On systems that haven't got a Memory Management Unit, fork() is unreasonably expensive to implement (and sometimes even impossible), so a less capable function called vfork() is used instead. (Using vfork() on a system with an MMU is like pounding a nail with a wrench. Not the best tool for the job, but it works.)

Busybox hides the difference between fork() and vfork() in libbb/bb_fork_exec.c. If you ever want to fork and exec, use bb_fork_exec() (which returns a pid and takes the same arguments as execve(), although in this case envp can be NULL) and don't worry about it. This description is here in case you want to know why that does what it does.

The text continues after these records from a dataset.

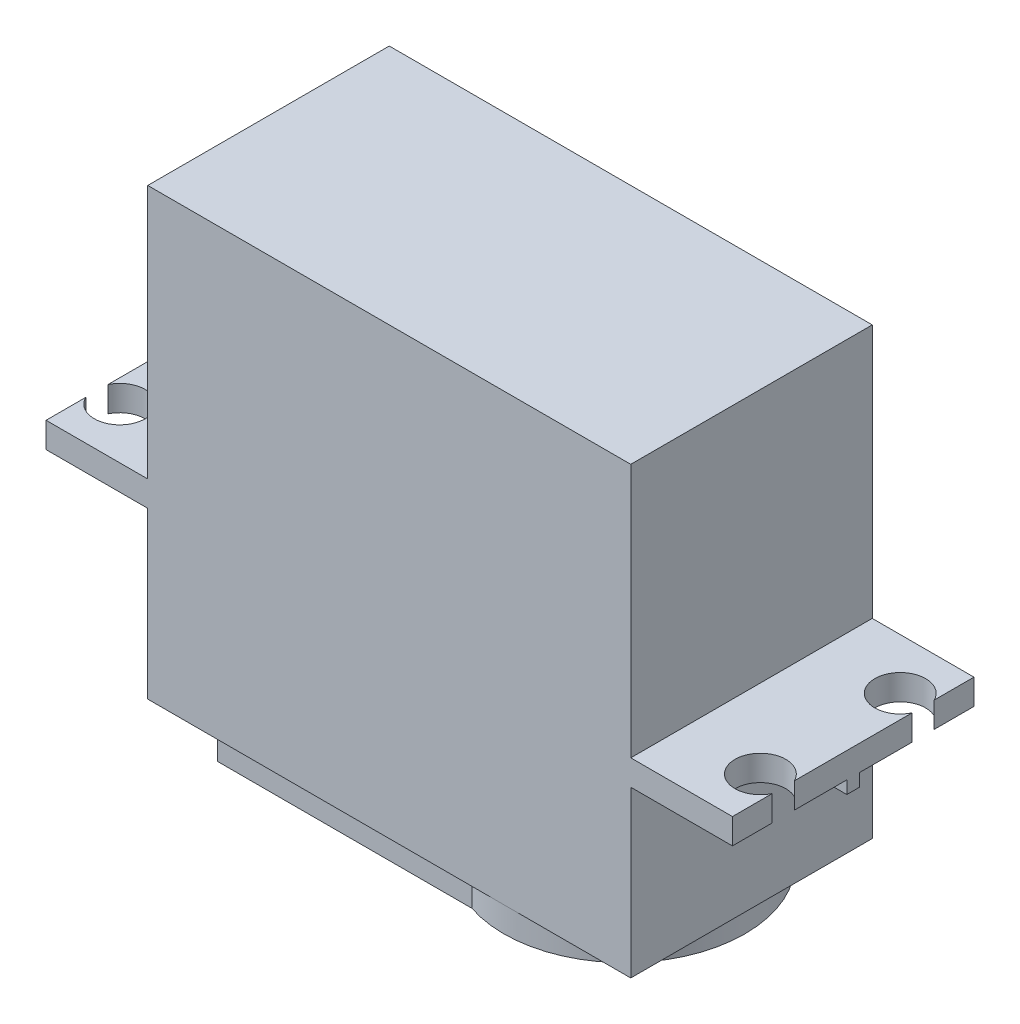
ISO-10303-21;
HEADER;
FILE_DESCRIPTION(('STEP AP214'),'2;1');
FILE_NAME('part.step','',(''),(''),'','','');
FILE_SCHEMA(('AUTOMOTIVE_DESIGN { 1 0 10303 214 1 1 1 1 }'));
ENDSEC;
DATA;
#1=APPLICATION_CONTEXT('core data for automotive mechanical design processes');
#2=APPLICATION_PROTOCOL_DEFINITION('international standard','automotive_design',2000,#1);
#3=PRODUCT_CONTEXT('',#1,'mechanical');
#4=PRODUCT('Part','Part','',(#3));
#5=PRODUCT_RELATED_PRODUCT_CATEGORY('part','',(#4));
#6=PRODUCT_DEFINITION_FORMATION('','',#4);
#7=PRODUCT_DEFINITION_CONTEXT('part definition',#1,'design');
#8=PRODUCT_DEFINITION('design','',#6,#7);
#9=PRODUCT_DEFINITION_SHAPE('','',#8);
#10=(LENGTH_UNIT() NAMED_UNIT(*) SI_UNIT(.MILLI.,.METRE.));
#11=(NAMED_UNIT(*) PLANE_ANGLE_UNIT() SI_UNIT($,.RADIAN.));
#12=(NAMED_UNIT(*) SI_UNIT($,.STERADIAN.) SOLID_ANGLE_UNIT());
#13=UNCERTAINTY_MEASURE_WITH_UNIT(LENGTH_MEASURE(1.E-05),#10,'distance_accuracy_value','');
#14=(GEOMETRIC_REPRESENTATION_CONTEXT(3) GLOBAL_UNCERTAINTY_ASSIGNED_CONTEXT((#13)) GLOBAL_UNIT_ASSIGNED_CONTEXT((#10,
#11,#12)) REPRESENTATION_CONTEXT('',''));
#15=CARTESIAN_POINT('',(0.,0.,0.));
#16=DIRECTION('',(0.,0.,1.));
#17=DIRECTION('',(1.,0.,0.));
#18=AXIS2_PLACEMENT_3D('',#15,#16,#17);
#19=CARTESIAN_POINT('',(19.,0.,19.));
#20=DIRECTION('',(0.,1.,0.));
#21=DIRECTION('',(0.,0.,1.));
#22=AXIS2_PLACEMENT_3D('',#19,#20,#21);
#23=PLANE('',#22);
#24=DIRECTION('',(1.,0.,0.));
#25=VECTOR('',#24,1.);
#26=CARTESIAN_POINT('',(19.,0.,0.));
#27=LINE('',#26,#25);
#28=CARTESIAN_POINT('',(-19.,0.,0.));
#29=VERTEX_POINT('',#28);
#30=CARTESIAN_POINT('',(19.,0.,0.));
#31=VERTEX_POINT('',#30);
#32=EDGE_CURVE('E402',#29,#31,#27,.T.);
#33=ORIENTED_EDGE('',*,*,#32,.T.);
#34=DIRECTION('',(0.,0.,-1.));
#35=VECTOR('',#34,1.);
#36=CARTESIAN_POINT('',(19.,0.,19.));
#37=LINE('',#36,#35);
#38=CARTESIAN_POINT('',(19.,0.,19.));
#39=VERTEX_POINT('',#38);
#40=EDGE_CURVE('E440',#39,#31,#37,.T.);
#41=ORIENTED_EDGE('',*,*,#40,.F.);
#42=DIRECTION('',(1.,0.,0.));
#43=VECTOR('',#42,1.);
#44=CARTESIAN_POINT('',(19.,0.,19.));
#45=LINE('',#44,#43);
#46=CARTESIAN_POINT('',(-19.,0.,19.));
#47=VERTEX_POINT('',#46);
#48=EDGE_CURVE('E374',#47,#39,#45,.T.);
#49=ORIENTED_EDGE('',*,*,#48,.F.);
#50=DIRECTION('',(0.,0.,-1.));
#51=VECTOR('',#50,1.);
#52=CARTESIAN_POINT('',(-19.,0.,19.));
#53=LINE('',#52,#51);
#54=EDGE_CURVE('E443',#47,#29,#53,.T.);
#55=ORIENTED_EDGE('',*,*,#54,.T.);
#56=EDGE_LOOP('',(#33,#41,#49,#55));
#57=FACE_BOUND('',#56,.T.);
#58=DIRECTION('',(0.,0.,-1.));
#59=VECTOR('',#58,1.);
#60=CARTESIAN_POINT('',(-14.,0.,18.5));
#61=LINE('',#60,#59);
#62=CARTESIAN_POINT('',(-14.,0.,18.5));
#63=VERTEX_POINT('',#62);
#64=CARTESIAN_POINT('',(-14.,0.,0.5));
#65=VERTEX_POINT('',#64);
#66=EDGE_CURVE('E263',#63,#65,#61,.T.);
#67=ORIENTED_EDGE('',*,*,#66,.F.);
#68=DIRECTION('',(-1.,0.,0.));
#69=VECTOR('',#68,1.);
#70=CARTESIAN_POINT('',(-14.,0.,18.5));
#71=LINE('',#70,#69);
#72=CARTESIAN_POINT('',(6.,0.,18.5));
#73=VERTEX_POINT('',#72);
#74=EDGE_CURVE('E260',#73,#63,#71,.T.);
#75=ORIENTED_EDGE('',*,*,#74,.F.);
#76=CARTESIAN_POINT('',(9.,0.,9.5));
#77=DIRECTION('',(0.,-1.,0.));
#78=DIRECTION('',(0.,0.,1.));
#79=AXIS2_PLACEMENT_3D('',#76,#77,#78);
#80=CIRCLE('',#79,9.48683298050514);
#81=CARTESIAN_POINT('',(6.,0.,0.5));
#82=VERTEX_POINT('',#81);
#83=EDGE_CURVE('E54',#82,#73,#80,.T.);
#84=ORIENTED_EDGE('',*,*,#83,.F.);
#85=DIRECTION('',(1.,0.,0.));
#86=VECTOR('',#85,1.);
#87=CARTESIAN_POINT('',(-14.,0.,0.5));
#88=LINE('',#87,#86);
#89=EDGE_CURVE('E49',#65,#82,#88,.T.);
#90=ORIENTED_EDGE('',*,*,#89,.F.);
#91=EDGE_LOOP('',(#67,#75,#84,#90));
#92=FACE_BOUND('',#91,.T.);
#93=ADVANCED_FACE('F34',(#57,#92),#23,.F.);
#94=CARTESIAN_POINT('',(19.,0.,19.));
#95=DIRECTION('',(-1.,0.,0.));
#96=DIRECTION('',(0.,0.,1.));
#97=AXIS2_PLACEMENT_3D('',#94,#95,#96);
#98=PLANE('',#97);
#99=DIRECTION('',(0.,1.,0.));
#100=VECTOR('',#99,1.);
#101=CARTESIAN_POINT('',(19.,12.,8.99999999999999));
#102=LINE('',#101,#100);
#103=CARTESIAN_POINT('',(19.,12.,8.99999999999999));
#104=VERTEX_POINT('',#103);
#105=CARTESIAN_POINT('',(19.,13.,8.99999999999999));
#106=VERTEX_POINT('',#105);
#107=EDGE_CURVE('E294',#104,#106,#102,.T.);
#108=ORIENTED_EDGE('',*,*,#107,.F.);
#109=DIRECTION('',(0.,0.,-1.));
#110=VECTOR('',#109,1.);
#111=CARTESIAN_POINT('',(19.,12.,9.99999999999999));
#112=LINE('',#111,#110);
#113=CARTESIAN_POINT('',(19.,12.,9.99999999999999));
#114=VERTEX_POINT('',#113);
#115=EDGE_CURVE('E273',#114,#104,#112,.T.);
#116=ORIENTED_EDGE('',*,*,#115,.F.);
#117=DIRECTION('',(0.,1.,0.));
#118=VECTOR('',#117,1.);
#119=CARTESIAN_POINT('',(19.,12.,9.99999999999999));
#120=LINE('',#119,#118);
#121=CARTESIAN_POINT('',(19.,13.,9.99999999999999));
#122=VERTEX_POINT('',#121);
#123=EDGE_CURVE('E282',#114,#122,#120,.T.);
#124=ORIENTED_EDGE('',*,*,#123,.T.);
#125=DIRECTION('',(0.,0.,-1.));
#126=VECTOR('',#125,1.);
#127=CARTESIAN_POINT('',(19.,13.,19.));
#128=LINE('',#127,#126);
#129=CARTESIAN_POINT('',(19.,13.,19.));
#130=VERTEX_POINT('',#129);
#131=EDGE_CURVE('E438',#130,#122,#128,.T.);
#132=ORIENTED_EDGE('',*,*,#131,.F.);
#133=DIRECTION('',(0.,1.,0.));
#134=VECTOR('',#133,1.);
#135=CARTESIAN_POINT('',(19.,0.,19.));
#136=LINE('',#135,#134);
#137=EDGE_CURVE('E376',#39,#130,#136,.T.);
#138=ORIENTED_EDGE('',*,*,#137,.F.);
#139=ORIENTED_EDGE('',*,*,#40,.T.);
#140=DIRECTION('',(0.,1.,0.));
#141=VECTOR('',#140,1.);
#142=CARTESIAN_POINT('',(19.,0.,0.));
#143=LINE('',#142,#141);
#144=CARTESIAN_POINT('',(19.,13.,0.));
#145=VERTEX_POINT('',#144);
#146=EDGE_CURVE('E404',#31,#145,#143,.T.);
#147=ORIENTED_EDGE('',*,*,#146,.T.);
#148=EDGE_CURVE('E435',#106,#145,#128,.T.);
#149=ORIENTED_EDGE('',*,*,#148,.F.);
#150=EDGE_LOOP('',(#108,#116,#124,#132,#138,#139,#147,#149));
#151=FACE_BOUND('',#150,.T.);
#152=ADVANCED_FACE('F557',(#151),#98,.F.);
#153=CARTESIAN_POINT('',(19.,13.,19.));
#154=DIRECTION('',(0.,1.,0.));
#155=DIRECTION('',(-1.,0.,0.));
#156=AXIS2_PLACEMENT_3D('',#153,#154,#155);
#157=PLANE('',#156);
#158=DIRECTION('',(1.,0.,0.));
#159=VECTOR('',#158,1.);
#160=CARTESIAN_POINT('',(19.,13.,8.99999999999999));
#161=LINE('',#160,#159);
#162=CARTESIAN_POINT('',(27.,13.,8.99999999999999));
#163=VERTEX_POINT('',#162);
#164=EDGE_CURVE('E264',#106,#163,#161,.T.);
#165=ORIENTED_EDGE('',*,*,#164,.F.);
#166=ORIENTED_EDGE('',*,*,#148,.T.);
#167=DIRECTION('',(1.,0.,0.));
#168=VECTOR('',#167,1.);
#169=CARTESIAN_POINT('',(19.,13.,0.));
#170=LINE('',#169,#168);
#171=CARTESIAN_POINT('',(27.,13.,0.));
#172=VERTEX_POINT('',#171);
#173=EDGE_CURVE('E407',#145,#172,#170,.T.);
#174=ORIENTED_EDGE('',*,*,#173,.T.);
#175=DIRECTION('',(0.,0.,-1.));
#176=VECTOR('',#175,1.);
#177=CARTESIAN_POINT('',(27.,13.,19.));
#178=LINE('',#177,#176);
#179=CARTESIAN_POINT('',(27.,13.,3.12822021129187));
#180=VERTEX_POINT('',#179);
#181=EDGE_CURVE('E430',#180,#172,#178,.T.);
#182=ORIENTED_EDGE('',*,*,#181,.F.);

Implementing fork() depends on having a Memory Management Unit. With an MMU then you can simply set up a second set of page tables and share the physical memory via copy-on-write. So a fork() followed quickly by exec() only copies a few pages of the parent's memory, just the ones it changes before freeing them.

With a very primitive MMU (using a base pointer plus length instead of page tables, which can provide virtual addresses and protect processes from each other, but no copy on write) you can still implement fork. But it's unreasonably expensive, because you have to copy all the parent process' memory into the new process (which could easily be several megabytes per fork). And you have to do this even though that memory gets freed again as soon as the exec happens. (This is not just slow and a waste of space but causes memory usage spikes that can easily cause the system to run out of memory.)

Without even a primitive MMU, you have no virtual addresses. Every process can reach out and touch any other process' memory, because all pointers are to physical addresses with no protection. Even if you copy a process' memory to new physical addresses, all of its pointers point to the old objects in the old process. (Searching through the new copy's memory for pointers and redirect them to the new locations is not an easy problem.)

So with a primitive or missing MMU, fork() is just not a good idea.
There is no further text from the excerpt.